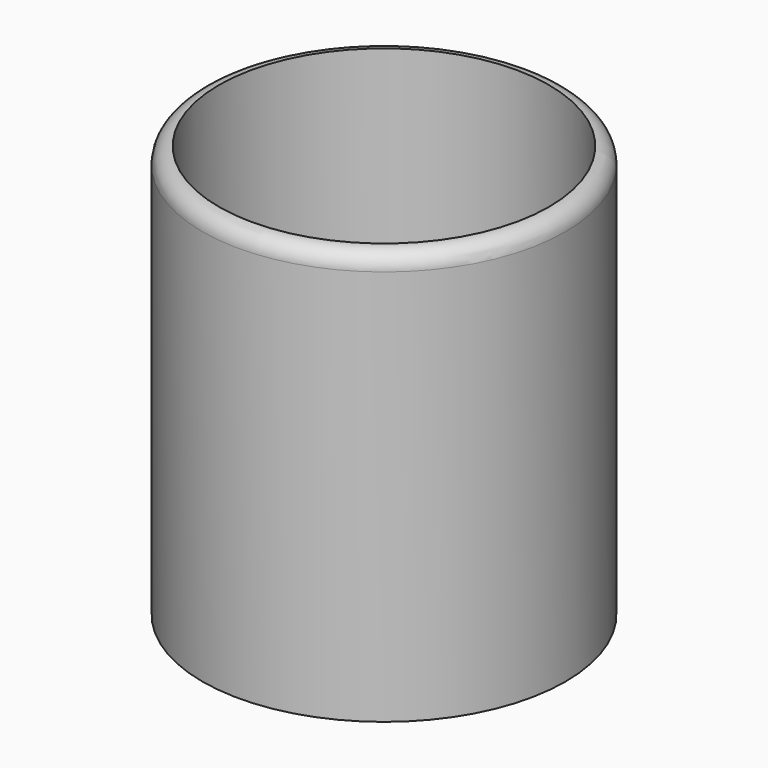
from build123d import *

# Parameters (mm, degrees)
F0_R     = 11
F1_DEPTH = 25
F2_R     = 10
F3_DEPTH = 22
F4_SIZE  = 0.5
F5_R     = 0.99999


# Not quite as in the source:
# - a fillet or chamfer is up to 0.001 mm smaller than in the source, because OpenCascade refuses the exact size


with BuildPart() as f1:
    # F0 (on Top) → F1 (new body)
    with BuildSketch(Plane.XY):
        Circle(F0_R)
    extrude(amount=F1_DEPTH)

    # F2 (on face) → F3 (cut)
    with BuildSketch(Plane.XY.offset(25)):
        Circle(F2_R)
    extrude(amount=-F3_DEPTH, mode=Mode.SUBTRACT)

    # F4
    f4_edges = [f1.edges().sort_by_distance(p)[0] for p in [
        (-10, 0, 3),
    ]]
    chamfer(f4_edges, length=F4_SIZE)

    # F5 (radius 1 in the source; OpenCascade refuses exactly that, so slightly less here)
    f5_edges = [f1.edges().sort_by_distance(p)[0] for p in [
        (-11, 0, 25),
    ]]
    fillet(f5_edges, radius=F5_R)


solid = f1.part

|---|

* DIRECTIONS FOR THIS TASK:
Each entry must be retyped word for word, with every image omitted.

* TASK OUTPUT:
from build123d import *

# Parameters (mm, degrees)
F0_R     = 11
F1_DEPTH = 25
F2_R     = 10
F3_DEPTH = 22
F4_SIZE  = 0.5
F5_R     = 0.99999


# Not quite as in the source:
# - a fillet or chamfer is up to 0.001 mm smaller than in the source, because OpenCascade refuses the exact size


with BuildPart() as f1:
    # F0 (on Top) → F1 (new body)
    with BuildSketch(Plane.XY):
        Circle(F0_R)
    extrude(amount=F1_DEPTH)

    # F2 (on face) → F3 (cut)
    with BuildSketch(Plane.XY.offset(25)):
        Circle(F2_R)
    extrude(amount=-F3_DEPTH, mode=Mode.SUBTRACT)

    # F4
    f4_edges = [f1.edges().sort_by_distance(p)[0] for p in [
        (-10, 0, 3),
    ]]
    chamfer(f4_edges, length=F4_SIZE)

    # F5 (radius 1 in the source; OpenCascade refuses exactly that, so slightly less here)
    f5_edges = [f1.edges().sort_by_distance(p)[0] for p in [
        (-11, 0, 25),
    ]]
    fillet(f5_edges, radius=F5_R)


solid = f1.part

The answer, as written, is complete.